Ad ban will hurt online wine retail

Tuesday, 29 October, 2013
Ryan Sowray, BDLive
A letter from the CEO of to BDLive.
I write to you about a set of regulations that could put all online wine sales portals out of business.

As you know, Health Minister Aaron Motsoaledi is attempting to push through regulations that will ban the advertising of alcohol. While his intention is good, I, and hundreds in the South African wine industry, do not think the minister has thought about the effect that blanket regulations will have on the wine industry.

We believe the unintended consequences of including South African wine in this ban could be potentially catastrophic for the wine industry and particularly for online retailers.

There are 275,000 people employed by the wine industry, which is a growth industry and one of the top five export revenue earners for South Africa. In addition, the Department of Trade and Industry, South African Tourism and the Department of Agriculture have spent millions promoting South Africa’s wine tourism both internally and to the global tourism market.

It would be a shame if one minister’s attempt to prevent people from excessive drinking results in the collapse of a critical industry and a valuable part of our tourism industry.

The minister’s proposed regulations will not allow any association, company or individual to associate wine with the destination, which will mean the Cape wine routes will need to take down their signage (including those that say "Stellenbosch Wine Route begins here").

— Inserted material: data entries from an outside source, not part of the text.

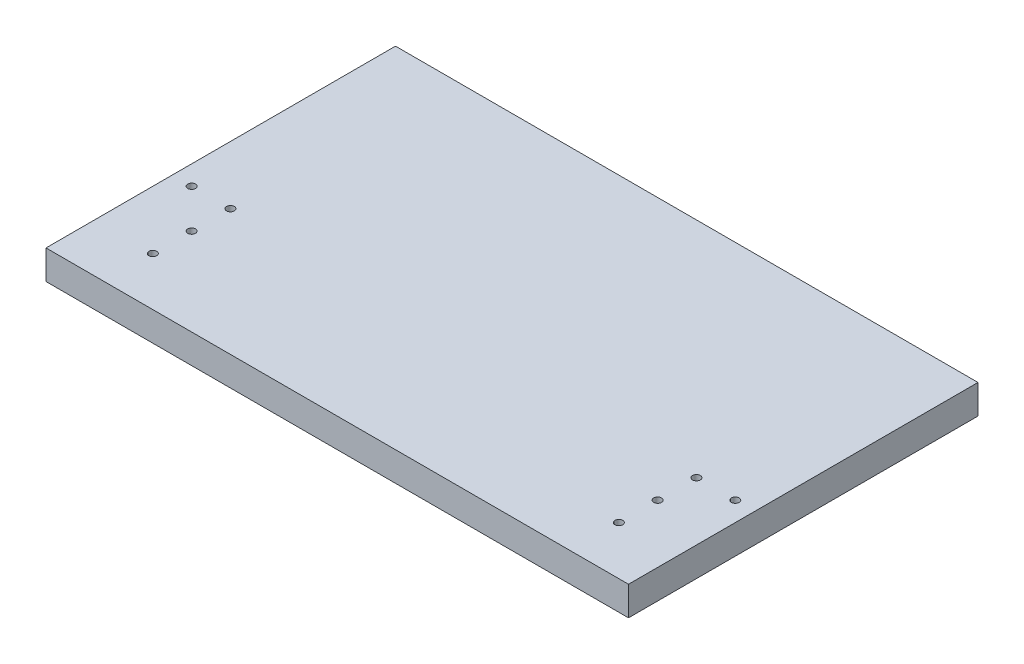
ISO-10303-21;
HEADER;
FILE_DESCRIPTION(('STEP AP214'),'2;1');
FILE_NAME('part.step','',(''),(''),'','','');
FILE_SCHEMA(('AUTOMOTIVE_DESIGN { 1 0 10303 214 1 1 1 1 }'));
ENDSEC;
DATA;
#1=APPLICATION_CONTEXT('core data for automotive mechanical design processes');
#2=APPLICATION_PROTOCOL_DEFINITION('international standard','automotive_design',2000,#1);
#3=PRODUCT_CONTEXT('',#1,'mechanical');
#4=PRODUCT('Part','Part','',(#3));
#5=PRODUCT_RELATED_PRODUCT_CATEGORY('part','',(#4));
#6=PRODUCT_DEFINITION_FORMATION('','',#4);
#7=PRODUCT_DEFINITION_CONTEXT('part definition',#1,'design');
#8=PRODUCT_DEFINITION('design','',#6,#7);
#9=PRODUCT_DEFINITION_SHAPE('','',#8);
#10=(LENGTH_UNIT() NAMED_UNIT(*) SI_UNIT(.MILLI.,.METRE.));
#11=(NAMED_UNIT(*) PLANE_ANGLE_UNIT() SI_UNIT($,.RADIAN.));
#12=(NAMED_UNIT(*) SI_UNIT($,.STERADIAN.) SOLID_ANGLE_UNIT());
#13=UNCERTAINTY_MEASURE_WITH_UNIT(LENGTH_MEASURE(1.E-05),#10,'distance_accuracy_value','');
#14=(GEOMETRIC_REPRESENTATION_CONTEXT(3) GLOBAL_UNCERTAINTY_ASSIGNED_CONTEXT((#13)) GLOBAL_UNIT_ASSIGNED_CONTEXT((#10,
#11,#12)) REPRESENTATION_CONTEXT('',''));
#15=CARTESIAN_POINT('',(0.,0.,0.));
#16=DIRECTION('',(0.,0.,1.));
#17=DIRECTION('',(1.,0.,0.));
#18=AXIS2_PLACEMENT_3D('',#15,#16,#17);
#19=CARTESIAN_POINT('',(150.,15.,90.));
#20=DIRECTION('',(-1.,0.,0.));
#21=DIRECTION('',(0.,0.,1.));
#22=AXIS2_PLACEMENT_3D('',#19,#20,#21);
#23=PLANE('',#22);
#24=DIRECTION('',(0.,0.,-1.));
#25=VECTOR('',#24,1.);
#26=CARTESIAN_POINT('',(150.,0.,90.));
#27=LINE('',#26,#25);
#28=CARTESIAN_POINT('',(150.,0.,90.));
#29=VERTEX_POINT('',#28);
#30=CARTESIAN_POINT('',(150.,0.,-90.));
#31=VERTEX_POINT('',#30);
#32=EDGE_CURVE('E95',#29,#31,#27,.T.);
#33=ORIENTED_EDGE('',*,*,#32,.T.);
#34=DIRECTION('',(0.,-1.,0.));
#35=VECTOR('',#34,1.);
#36=CARTESIAN_POINT('',(150.,15.,-90.));
#37=LINE('',#36,#35);
#38=CARTESIAN_POINT('',(150.,15.,-90.));
#39=VERTEX_POINT('',#38);
#40=EDGE_CURVE('E11',#39,#31,#37,.T.);
#41=ORIENTED_EDGE('',*,*,#40,.F.);
#42=DIRECTION('',(0.,0.,-1.));
#43=VECTOR('',#42,1.);
#44=CARTESIAN_POINT('',(150.,15.,90.));
#45=LINE('',#44,#43);
#46=CARTESIAN_POINT('',(150.,15.,90.));
#47=VERTEX_POINT('',#46);
#48=EDGE_CURVE('E83',#47,#39,#45,.T.);
#49=ORIENTED_EDGE('',*,*,#48,.F.);
#50=DIRECTION('',(0.,-1.,0.));
#51=VECTOR('',#50,1.);
#52=CARTESIAN_POINT('',(150.,15.,90.));
#53=LINE('',#52,#51);
#54=EDGE_CURVE('E91',#47,#29,#53,.T.);
#55=ORIENTED_EDGE('',*,*,#54,.T.);
#56=EDGE_LOOP('',(#33,#41,#49,#55));
#57=FACE_BOUND('',#56,.T.);
#58=ADVANCED_FACE('F32',(#57),#23,.F.);
#59=CARTESIAN_POINT('',(-150.,15.,-90.));
#60=DIRECTION('',(0.,0.,1.));
#61=DIRECTION('',(1.,0.,0.));
#62=AXIS2_PLACEMENT_3D('',#59,#60,#61);
#63=PLANE('',#62);
#64=DIRECTION('',(-1.,0.,0.));
#65=VECTOR('',#64,1.);
#66=CARTESIAN_POINT('',(-150.,0.,-90.));
#67=LINE('',#66,#65);
#68=CARTESIAN_POINT('',(-150.,0.,-90.));
#69=VERTEX_POINT('',#68);
#70=EDGE_CURVE('E87',#31,#69,#67,.T.);
#71=ORIENTED_EDGE('',*,*,#70,.T.);
#72=DIRECTION('',(0.,-1.,0.));
#73=VECTOR('',#72,1.);
#74=CARTESIAN_POINT('',(-150.,15.,-90.));
#75=LINE('',#74,#73);
#76=CARTESIAN_POINT('',(-150.,15.,-90.));
#77=VERTEX_POINT('',#76);
#78=EDGE_CURVE('E40',#77,#69,#75,.T.);
#79=ORIENTED_EDGE('',*,*,#78,.F.);
#80=DIRECTION('',(-1.,0.,0.));
#81=VECTOR('',#80,1.);
#82=CARTESIAN_POINT('',(-150.,15.,-90.));
#83=LINE('',#82,#81);
#84=EDGE_CURVE('E78',#39,#77,#83,.T.);
#85=ORIENTED_EDGE('',*,*,#84,.F.);
#86=ORIENTED_EDGE('',*,*,#40,.T.);
#87=EDGE_LOOP('',(#71,#79,#85,#86));
#88=FACE_BOUND('',#87,.T.);
#89=ADVANCED_FACE('F86',(#88),#63,.F.);
#90=CARTESIAN_POINT('',(-150.,15.,90.));
#91=DIRECTION('',(1.,0.,0.));
#92=DIRECTION('',(0.,0.,-1.));
#93=AXIS2_PLACEMENT_3D('',#90,#91,#92);
#94=PLANE('',#93);
#95=DIRECTION('',(0.,0.,1.));
#96=VECTOR('',#95,1.);
#97=CARTESIAN_POINT('',(-150.,0.,90.));
#98=LINE('',#97,#96);
#99=CARTESIAN_POINT('',(-150.,0.,90.));
#100=VERTEX_POINT('',#99);
#101=EDGE_CURVE('E65',#69,#100,#98,.T.);
#102=ORIENTED_EDGE('',*,*,#101,.T.);
#103=DIRECTION('',(0.,-1.,0.));
#104=VECTOR('',#103,1.);
#105=CARTESIAN_POINT('',(-150.,15.,90.));
#106=LINE('',#105,#104);
#107=CARTESIAN_POINT('',(-150.,15.,90.));
#108=VERTEX_POINT('',#107);
#109=EDGE_CURVE('E88',#108,#100,#106,.T.);
#110=ORIENTED_EDGE('',*,*,#109,.F.);
#111=DIRECTION('',(0.,0.,1.));
#112=VECTOR('',#111,1.);
#113=CARTESIAN_POINT('',(-150.,15.,90.));
#114=LINE('',#113,#112);
#115=EDGE_CURVE('E81',#77,#108,#114,.T.);
#116=ORIENTED_EDGE('',*,*,#115,.F.);
#117=ORIENTED_EDGE('',*,*,#78,.T.);
#118=EDGE_LOOP('',(#102,#110,#116,#117));
#119=FACE_BOUND('',#118,.T.);
#120=ADVANCED_FACE('F89',(#119),#94,.F.);
#121=CARTESIAN_POINT('',(-150.,15.,90.));
#122=DIRECTION('',(0.,0.,-1.));
#123=DIRECTION('',(-1.,0.,0.));
#124=AXIS2_PLACEMENT_3D('',#121,#122,#123);
#125=PLANE('',#124);
#126=DIRECTION('',(1.,0.,0.));
#127=VECTOR('',#126,1.);
#128=CARTESIAN_POINT('',(-150.,0.,90.));
#129=LINE('',#128,#127);
#130=EDGE_CURVE('E71',#100,#29,#129,.T.);
#131=ORIENTED_EDGE('',*,*,#130,.T.);
#132=ORIENTED_EDGE('',*,*,#54,.F.);
#133=DIRECTION('',(1.,0.,0.));
#134=VECTOR('',#133,1.);
#135=CARTESIAN_POINT('',(-150.,15.,90.));
#136=LINE('',#135,#134);
#137=EDGE_CURVE('E48',#108,#47,#136,.T.);
#138=ORIENTED_EDGE('',*,*,#137,.F.);
#139=ORIENTED_EDGE('',*,*,#109,.T.);
#140=EDGE_LOOP('',(#131,#132,#138,#139));
#141=FACE_BOUND('',#140,.T.);
#142=ADVANCED_FACE('F103',(#141),#125,.F.);
#143=CARTESIAN_POINT('',(0.,15.,0.));
#144=DIRECTION('',(0.,-1.,0.));
#145=DIRECTION('',(0.,0.,-1.));
#146=AXIS2_PLACEMENT_3D('',#143,#144,#145);
#147=PLANE('',#146);
#148=CARTESIAN_POINT('',(140.,15.,25.));
#149=DIRECTION('',(0.,1.,0.));
#150=DIRECTION('',(0.,0.,1.));
#151=AXIS2_PLACEMENT_3D('',#148,#149,#150);
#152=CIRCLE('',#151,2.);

The ban will also affect them in the following ways:

• No wine shows to promote South Africa’s best wines will be allowed (includes wine shows like Winex, Cape Wine, etc).

• No wine awards will be allowed, and we all know that this improves the local and global image of our wines.

• Tourism in the Western Cape will be severely affected. Wine estates, hotels, wine route tour guides, restaurateurs and estate farm workers will all be penalised by this regulation, jobs will be lost.

• No industry commentators will be able to talk positively about wine (Christian Eedes, Michael Fridjhon, etc).

• Wine farms will not be allowed to sell their wines online, direct to the public, as websites are considered promotional outlets.

• No online retailers will be allowed to market to wine customers (often the only outlet for the 60%–70% of wines produced in South Africa).

• The farms would not be allowed to communicate to their customers and followers (both here and global) online, on e-mail or social networks.